Task details:
The expected response is a copy of every line in the entries below that includes the word "Location".
╭──
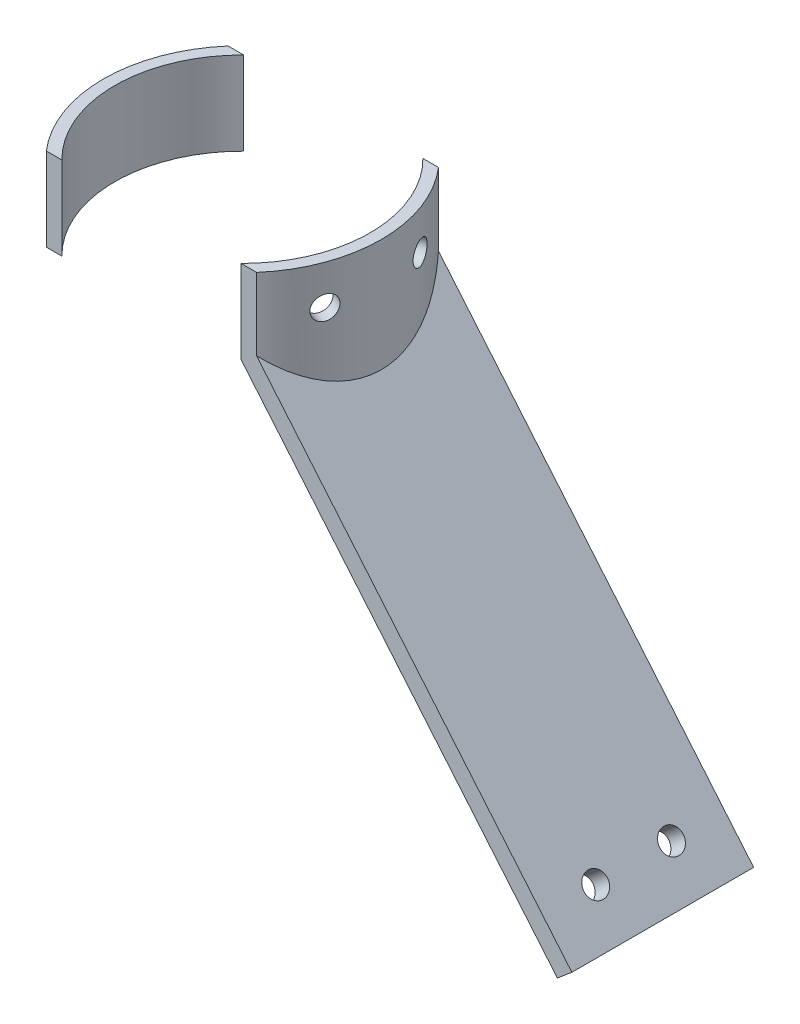
from build123d import *

# Parameters (mm, degrees)
BOSS_EXTRUDE1_DEPTH      = 10
BOSS_EXTRUDE1_DEPTH_BACK = 1
BOSS_EXTRUDE2_DEPTH      = 2.5
BOSS_EXTRUDE3_REACH      = 77.535
CUT_EXTRUDE1_REACH       = 85.202
SKETCH6_R                = 1.55
CUT_EXTRUDE2_DEPTH       = 2.5
CUT_EXTRUDE3_DEPTH       = 2.5
CUT_EXTRUDE3_DEPTH_BACK  = 2.5
SKETCH9_R                = 1.55
CUT_EXTRUDE4_DEPTH       = 2.5
CUT_EXTRUDE4_DEPTH_BACK  = 2.5
SKETCH8_R                = 1.55


with BuildPart() as part:
    # Sketch1 → Boss-Extrude1 (new, two sides: drawn at the far end of the back side and taken through both)
    with BuildSketch(Plane(origin=(0, 3.8, 0), x_dir=(1, 0, 0), z_dir=(0, 1, 0)).offset(-BOSS_EXTRUDE1_DEPTH_BACK)):
        with BuildLine():
            ThreePointArc((11.82888414, -12), (16.85, 0), (11.82888414, 12))
            Line((11.82888414, 12), (13.882452953, 12))
            ThreePointArc((13.882452953, 12), (18.35, 0), (13.882452953, -12))
            Line((13.882452953, -12), (11.82888414, -12))
        make_face()
        with BuildLine():
            Line((-11.82888414, -12), (-13.882452953, -12))
            ThreePointArc((-13.882452953, -12), (-18.35, 0), (-13.882452953, 12))
            Line((-13.882452953, 12), (-11.82888414, 12))
            ThreePointArc((-11.82888414, 12), (-16.85, 0), (-11.82888414, -12))
        make_face()
    extrude(amount=BOSS_EXTRUDE1_DEPTH + BOSS_EXTRUDE1_DEPTH_BACK)

    # Sketch3 → Boss-Extrude2 (add)
    with BuildSketch(Plane(origin=(8.327631, 6.978274302, 0), x_dir=(0, 0, -1), z_dir=(0.7664720008518675, 0.6422777217918545, 0))):
        Polygon((-12, -5.451307154), (-12, -6.770268653), (-12, -70.451307154), (12, -70.451307154), (12, -6.770268653), (12, -5.451307154), align=None)
    extrude(amount=BOSS_EXTRUDE2_DEPTH)

    # Boss-Extrude3: up to this face of the body (flat: up to its plane)
    boss_extrude3_end = Plane(part.part.faces().sort_by_distance((34.763054808, -20.676448222, 0))[0])
    # Sketch4 → Boss-Extrude3 (add, up to the picked face)
    with BuildSketch(Plane.XZ.offset(-2.8), mode=Mode.PRIVATE) as boss_extrude3_sk1:
        with BuildLine():
            Line((15.090581889, 10.440155087), (15.090581889, 7.496455045))
            ThreePointArc((15.090581889, 7.496455045), (16.85, 0), (15.090581889, -7.496455045))
            Line((15.090581889, -7.496455045), (15.090581889, -10.440155087))
            ThreePointArc((15.090581889, -10.440155087), (18.35, 0), (15.090581889, 10.440155087))
        make_face()
    boss_extrude3_tool1 = split(extrude(boss_extrude3_sk1.sketch, amount=BOSS_EXTRUDE3_REACH, mode=Mode.PRIVATE), bisect_by=boss_extrude3_end, keep=Keep.BOTH, mode=Mode.PRIVATE)
    add(boss_extrude3_tool1.solids().sort_by(Axis((15.301914, 2.8, 8.968305), (0, -1, 0)))[0])

    # Cut-Extrude1: up to this face of the body (flat: up to its plane)
    cut_extrude1_end = Plane(part.part.faces().sort_by_distance((32.702910098, -22.110340028, 0))[0])
    # Sketch5 → Cut-Extrude1 (cut, up to the picked face)
    with BuildSketch(Plane(origin=(0, 13.8, 0), x_dir=(1, 0, 0), z_dir=(0, 1, 0)), mode=Mode.PRIVATE) as cut_extrude1_sk1:
        with BuildLine():
            Line((11.82888414, 12), (11.82888414, -12))
            ThreePointArc((11.82888414, -12), (16.85, 0), (11.82888414, 12))
        make_face()
    cut_extrude1_tool1 = split(extrude(cut_extrude1_sk1.sketch, amount=-CUT_EXTRUDE1_REACH, mode=Mode.PRIVATE), bisect_by=cut_extrude1_end, keep=Keep.BOTH, mode=Mode.PRIVATE)
    add(cut_extrude1_tool1.solids().sort_by(Axis((13.865415, 13.8, 0), (0, -1, 0)))[0], mode=Mode.SUBTRACT)

    # Sketch6 → Cut-Extrude2 (cut)
    with BuildSketch(Plane(origin=(10.243811002, 8.583968606, 0), x_dir=(0, 0, -1), z_dir=(0.7664720008518675, 0.6422777217918545, 0))):
        with Locations(Location((-5, -64.451307154, 0), (0, 0, 90))):
            Circle(SKETCH6_R)
        with Locations(Location((5, -64.451307154, 0), (0, 0, 90))):
            Circle(SKETCH6_R)
    extrude(amount=-CUT_EXTRUDE2_DEPTH, mode=Mode.SUBTRACT)

    # Sketch9 → Cut-Extrude3 (cut, two sides: drawn at the far end of the back side and taken through both)
    with BuildSketch(Plane(origin=(16.115240106, 0, 5.865467716), x_dir=(0, 1, 0), z_dir=(0.9396926207859128, 0, 0.34202014332565694)).offset(-CUT_EXTRUDE3_DEPTH_BACK)):
        with Locations(Location((8.6, 0.028232901, 0), (0, 0, 90))):
            Circle(SKETCH9_R)
    extrude(amount=CUT_EXTRUDE3_DEPTH + CUT_EXTRUDE3_DEPTH_BACK, mode=Mode.SUBTRACT)

    # Sketch8 → Cut-Extrude4 (cut, two sides: drawn at the far end of the back side and taken through both)
    with BuildSketch(Plane(origin=(16.115240106, 0, -5.865467716), x_dir=(0, 1, 0), z_dir=(0.9396926207859081, 0, -0.34202014332566943)).offset(-CUT_EXTRUDE4_DEPTH_BACK)):
        with Locations(Location((8.6, -0.028232901, 0), (0, 0, 90))):
            Circle(SKETCH8_R)
    extrude(amount=CUT_EXTRUDE4_DEPTH + CUT_EXTRUDE4_DEPTH_BACK, mode=Mode.SUBTRACT)


solid = part.part
╰──
Output for this task:
        with Locations(Location((-5, -64.451307154, 0), (0, 0, 90))):
        with Locations(Location((5, -64.451307154, 0), (0, 0, 90))):
        with Locations(Location((8.6, 0.028232901, 0), (0, 0, 90))):
        with Locations(Location((8.6, -0.028232901, 0), (0, 0, 90))):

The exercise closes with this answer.